Acetylcholinesterase tetramers are inserted in the basal lamina of neuromuscular junctions or anchored in cell membranes through the interaction of four C-terminal t peptides with proline-rich attachment domains (PRADs) of cholinesterase-associated collagen Q (ColQ) or of the transmembrane protein PRiMA (proline-rich membrane anchor). ColQ and PRiMA differ in the length of their proline-rich motifs (10 and 15 residues, respectively). ColQ has two cysteines upstream of the PRAD, which are disulfide-linked to two AChE(T) subunits ("heavy" dimer), and the other two subunits are disulfide-linked together ("light" dimer). In contrast, PRiMA has four cysteines upstream of the PRAD. We examined whether these cysteines could be linked to AChE(T) subunits in complexes formed with PRiMA in transfected COS cells and in the mammalian brain. For comparison, we studied complexes formed with N-terminal fragments of ColQ, N-terminal fragments of PRiMA, and chimeras in which the upstream regions containing the cysteines were exchanged. We also compared the effect of mutations in the t peptides on their association with the two PRADs. We report that the two PRADs differ in their interaction with AChE(T) subunits; in complexes formed with the PRAD of PRiMA, we observed light dimers, but very few heavy dimers, even though such dimers were formed with the PQ chimera in which the N-terminal region of PRiMA was associated with the PRAD of ColQ. Complexes with PQ or with PRiMA contained heavy components, which migrated abnormally in SDS-PAGE but probably resulted from disulfide bonding of four AChE(T) subunits with the four upstream cysteines of the associated protein.

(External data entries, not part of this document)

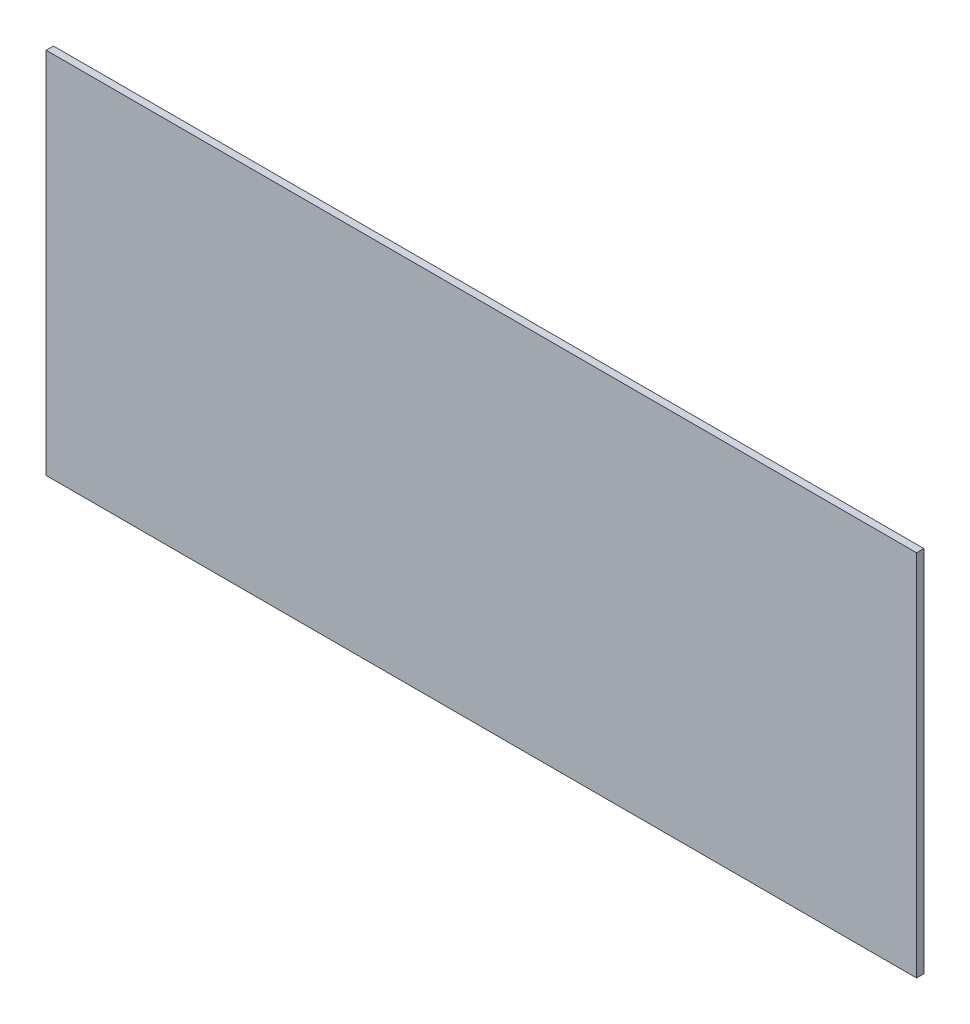
ISO-10303-21;
HEADER;
FILE_DESCRIPTION(('STEP AP214'),'2;1');
FILE_NAME('part.step','',(''),(''),'','','');
FILE_SCHEMA(('AUTOMOTIVE_DESIGN { 1 0 10303 214 1 1 1 1 }'));
ENDSEC;
DATA;
#1=APPLICATION_CONTEXT('core data for automotive mechanical design processes');
#2=APPLICATION_PROTOCOL_DEFINITION('international standard','automotive_design',2000,#1);
#3=PRODUCT_CONTEXT('',#1,'mechanical');
#4=PRODUCT('Part','Part','',(#3));
#5=PRODUCT_RELATED_PRODUCT_CATEGORY('part','',(#4));
#6=PRODUCT_DEFINITION_FORMATION('','',#4);
#7=PRODUCT_DEFINITION_CONTEXT('part definition',#1,'design');
#8=PRODUCT_DEFINITION('design','',#6,#7);
#9=PRODUCT_DEFINITION_SHAPE('','',#8);
#10=(LENGTH_UNIT() NAMED_UNIT(*) SI_UNIT(.MILLI.,.METRE.));
#11=(NAMED_UNIT(*) PLANE_ANGLE_UNIT() SI_UNIT($,.RADIAN.));
#12=(NAMED_UNIT(*) SI_UNIT($,.STERADIAN.) SOLID_ANGLE_UNIT());
#13=UNCERTAINTY_MEASURE_WITH_UNIT(LENGTH_MEASURE(1.E-05),#10,'distance_accuracy_value','');
#14=(GEOMETRIC_REPRESENTATION_CONTEXT(3) GLOBAL_UNCERTAINTY_ASSIGNED_CONTEXT((#13)) GLOBAL_UNIT_ASSIGNED_CONTEXT((#10,
#11,#12)) REPRESENTATION_CONTEXT('',''));
#15=CARTESIAN_POINT('',(0.,0.,0.));
#16=DIRECTION('',(0.,0.,1.));
#17=DIRECTION('',(1.,0.,0.));
#18=AXIS2_PLACEMENT_3D('',#15,#16,#17);
#19=CARTESIAN_POINT('',(268.25,-113.5,2.2479));
#20=DIRECTION('',(-1.,0.,0.));
#21=DIRECTION('',(0.,0.,1.));
#22=AXIS2_PLACEMENT_3D('',#19,#20,#21);
#23=PLANE('',#22);
#24=DIRECTION('',(0.,1.,0.));
#25=VECTOR('',#24,1.);
#26=CARTESIAN_POINT('',(268.25,-113.5,-2.2479));
#27=LINE('',#26,#25);
#28=CARTESIAN_POINT('',(268.25,-113.5,-2.2479));
#29=VERTEX_POINT('',#28);
#30=CARTESIAN_POINT('',(268.25,113.5,-2.2479));
#31=VERTEX_POINT('',#30);
#32=EDGE_CURVE('E96',#29,#31,#27,.T.);
#33=ORIENTED_EDGE('',*,*,#32,.T.);
#34=DIRECTION('',(0.,0.,-1.));
#35=VECTOR('',#34,1.);
#36=CARTESIAN_POINT('',(268.25,113.5,2.2479));
#37=LINE('',#36,#35);
#38=CARTESIAN_POINT('',(268.25,113.5,2.2479));
#39=VERTEX_POINT('',#38);
#40=EDGE_CURVE('E11',#39,#31,#37,.T.);
#41=ORIENTED_EDGE('',*,*,#40,.F.);
#42=DIRECTION('',(0.,1.,0.));
#43=VECTOR('',#42,1.);
#44=CARTESIAN_POINT('',(268.25,-113.5,2.2479));
#45=LINE('',#44,#43);
#46=CARTESIAN_POINT('',(268.25,-113.5,2.2479));
#47=VERTEX_POINT('',#46);
#48=EDGE_CURVE('E84',#47,#39,#45,.T.);
#49=ORIENTED_EDGE('',*,*,#48,.F.);
#50=DIRECTION('',(0.,0.,-1.));
#51=VECTOR('',#50,1.);
#52=CARTESIAN_POINT('',(268.25,-113.5,2.2479));
#53=LINE('',#52,#51);
#54=EDGE_CURVE('E92',#47,#29,#53,.T.);
#55=ORIENTED_EDGE('',*,*,#54,.T.);
#56=EDGE_LOOP('',(#33,#41,#49,#55));
#57=FACE_BOUND('',#56,.T.);
#58=ADVANCED_FACE('F33',(#57),#23,.F.);
#59=CARTESIAN_POINT('',(-268.25,113.5,2.2479));
#60=DIRECTION('',(0.,-1.,0.));
#61=DIRECTION('',(0.,0.,-1.));
#62=AXIS2_PLACEMENT_3D('',#59,#60,#61);
#63=PLANE('',#62);
#64=DIRECTION('',(-1.,0.,0.));
#65=VECTOR('',#64,1.);
#66=CARTESIAN_POINT('',(-268.25,113.5,-2.2479));
#67=LINE('',#66,#65);
#68=CARTESIAN_POINT('',(-268.25,113.5,-2.2479));
#69=VERTEX_POINT('',#68);
#70=EDGE_CURVE('E88',#31,#69,#67,.T.);
#71=ORIENTED_EDGE('',*,*,#70,.T.);
#72=DIRECTION('',(0.,0.,-1.));
#73=VECTOR('',#72,1.);
#74=CARTESIAN_POINT('',(-268.25,113.5,2.2479));
#75=LINE('',#74,#73);
#76=CARTESIAN_POINT('',(-268.25,113.5,2.2479));
#77=VERTEX_POINT('',#76);
#78=EDGE_CURVE('E41',#77,#69,#75,.T.);
#79=ORIENTED_EDGE('',*,*,#78,.F.);
#80=DIRECTION('',(-1.,0.,0.));
#81=VECTOR('',#80,1.);
#82=CARTESIAN_POINT('',(-268.25,113.5,2.2479));
#83=LINE('',#82,#81);
#84=EDGE_CURVE('E79',#39,#77,#83,.T.);
#85=ORIENTED_EDGE('',*,*,#84,.F.);
#86=ORIENTED_EDGE('',*,*,#40,.T.);
#87=EDGE_LOOP('',(#71,#79,#85,#86));
#88=FACE_BOUND('',#87,.T.);
#89=ADVANCED_FACE('F87',(#88),#63,.F.);
#90=CARTESIAN_POINT('',(-268.25,-113.5,2.2479));
#91=DIRECTION('',(1.,0.,0.));
#92=DIRECTION('',(0.,0.,-1.));
#93=AXIS2_PLACEMENT_3D('',#90,#91,#92);
#94=PLANE('',#93);
#95=DIRECTION('',(0.,-1.,0.));
#96=VECTOR('',#95,1.);
#97=CARTESIAN_POINT('',(-268.25,-113.5,-2.2479));
#98=LINE('',#97,#96);
#99=CARTESIAN_POINT('',(-268.25,-113.5,-2.2479));
#100=VERTEX_POINT('',#99);
#101=EDGE_CURVE('E66',#69,#100,#98,.T.);
#102=ORIENTED_EDGE('',*,*,#101,.T.);
#103=DIRECTION('',(0.,0.,-1.));
#104=VECTOR('',#103,1.);
#105=CARTESIAN_POINT('',(-268.25,-113.5,2.2479));
#106=LINE('',#105,#104);
#107=CARTESIAN_POINT('',(-268.25,-113.5,2.2479));
#108=VERTEX_POINT('',#107);
#109=EDGE_CURVE('E89',#108,#100,#106,.T.);
#110=ORIENTED_EDGE('',*,*,#109,.F.);
#111=DIRECTION('',(0.,-1.,0.));
#112=VECTOR('',#111,1.);
#113=CARTESIAN_POINT('',(-268.25,-113.5,2.2479));
#114=LINE('',#113,#112);
#115=EDGE_CURVE('E82',#77,#108,#114,.T.);
#116=ORIENTED_EDGE('',*,*,#115,.F.);
#117=ORIENTED_EDGE('',*,*,#78,.T.);
#118=EDGE_LOOP('',(#102,#110,#116,#117));
#119=FACE_BOUND('',#118,.T.);
#120=ADVANCED_FACE('F90',(#119),#94,.F.);
#121=CARTESIAN_POINT('',(-268.25,-113.5,2.2479));
#122=DIRECTION('',(0.,1.,0.));
#123=DIRECTION('',(0.,0.,1.));
#124=AXIS2_PLACEMENT_3D('',#121,#122,#123);
#125=PLANE('',#124);
#126=DIRECTION('',(1.,0.,0.));
#127=VECTOR('',#126,1.);
#128=CARTESIAN_POINT('',(-268.25,-113.5,-2.2479));
#129=LINE('',#128,#127);
#130=EDGE_CURVE('E72',#100,#29,#129,.T.);
#131=ORIENTED_EDGE('',*,*,#130,.T.);
#132=ORIENTED_EDGE('',*,*,#54,.F.);
#133=DIRECTION('',(1.,0.,0.));
#134=VECTOR('',#133,1.);
#135=CARTESIAN_POINT('',(-268.25,-113.5,2.2479));
#136=LINE('',#135,#134);
#137=EDGE_CURVE('E49',#108,#47,#136,.T.);
#138=ORIENTED_EDGE('',*,*,#137,.F.);
#139=ORIENTED_EDGE('',*,*,#109,.T.);
#140=EDGE_LOOP('',(#131,#132,#138,#139));
#141=FACE_BOUND('',#140,.T.);
#142=ADVANCED_FACE('F103',(#141),#125,.F.);
#143=CARTESIAN_POINT('',(0.,0.,2.2479));
#144=DIRECTION('',(0.,0.,-1.));
#145=DIRECTION('',(-1.,0.,0.));
#146=AXIS2_PLACEMENT_3D('',#143,#144,#145);
#147=PLANE('',#146);
#148=ORIENTED_EDGE('',*,*,#48,.T.);
#149=ORIENTED_EDGE('',*,*,#84,.T.);
#150=ORIENTED_EDGE('',*,*,#115,.T.);
#151=ORIENTED_EDGE('',*,*,#137,.T.);
#152=EDGE_LOOP('',(#148,#149,#150,#151));
#153=FACE_BOUND('',#152,.T.);
#154=ADVANCED_FACE('F80',(#153),#147,.F.);
#155=CARTESIAN_POINT('',(0.,0.,-2.2479));
#156=DIRECTION('',(0.,0.,-1.));
#157=DIRECTION('',(-1.,0.,0.));
#158=AXIS2_PLACEMENT_3D('',#155,#156,#157);
#159=PLANE('',#158);
#160=ORIENTED_EDGE('',*,*,#32,.F.);
#161=ORIENTED_EDGE('',*,*,#130,.F.);
#162=ORIENTED_EDGE('',*,*,#101,.F.);
#163=ORIENTED_EDGE('',*,*,#70,.F.);
#164=EDGE_LOOP('',(#160,#161,#162,#163));
#165=FACE_BOUND('',#164,.T.);
#166=ADVANCED_FACE('F106',(#165),#159,.T.);
#167=CLOSED_SHELL('',(#58,#89,#120,#142,#154,#166));
#168=MANIFOLD_SOLID_BREP('B2',#167);
#169=ADVANCED_BREP_SHAPE_REPRESENTATION('',(#18,#168),#14);
#170=SHAPE_DEFINITION_REPRESENTATION(#9,#169);
ENDSEC;
END-ISO-10303-21;

Assembly of acetylcholinesterase tetramers by peptidic motifs from the proline-rich membrane anchor, PRiMA: competition between degradation and secretion pathways of heteromeric complexes.

The membrane-bound form of acetylcholinesterase (AChE) constitutes the major component of this enzyme in the mammalian brain. These molecules are hetero-oligomers, composed of four AChE catalytic subunits of type T (AChE(T)), associated with a transmembrane protein of type 1, called PRiMA (proline-rich membrane anchor). PRiMA consists of a signal peptide, an extracellular domain that contains a proline-rich motif (14 prolines with an intervening leucine, P4LP10), a transmembrane domain, and a cytoplasmic domain. Expression of AChE(T) subunits in transfected COS cells with a truncated PRiMA, without its transmembrane and cytoplasmic domains (P(stp54) mutant), produced secreted heteromeric complexes (T4-P(stp54)), instead of membrane-bound tetramers. In this study, we used a series of deletions and point mutations to analyze the interaction between the extracellular domain of PRiMA and AChE(T) subunits. We confirmed the importance of the polyproline stretches and defined a peptidic motif (RP4LP10RL), which induces the assembly and secretion of a heteromeric complex with four AChE(T) subunits, nearly as efficiently as the entire extracellular domain of PRiMA. It is noteworthy that deletion of the N-terminal segment preceding the prolines had little effect. Interestingly, short PRiMA mutants, truncated within the proline-rich motif, reduced both cellular and secreted AChE activity, suggesting that their interaction with AChE(T) subunits induces their intracellular degradation.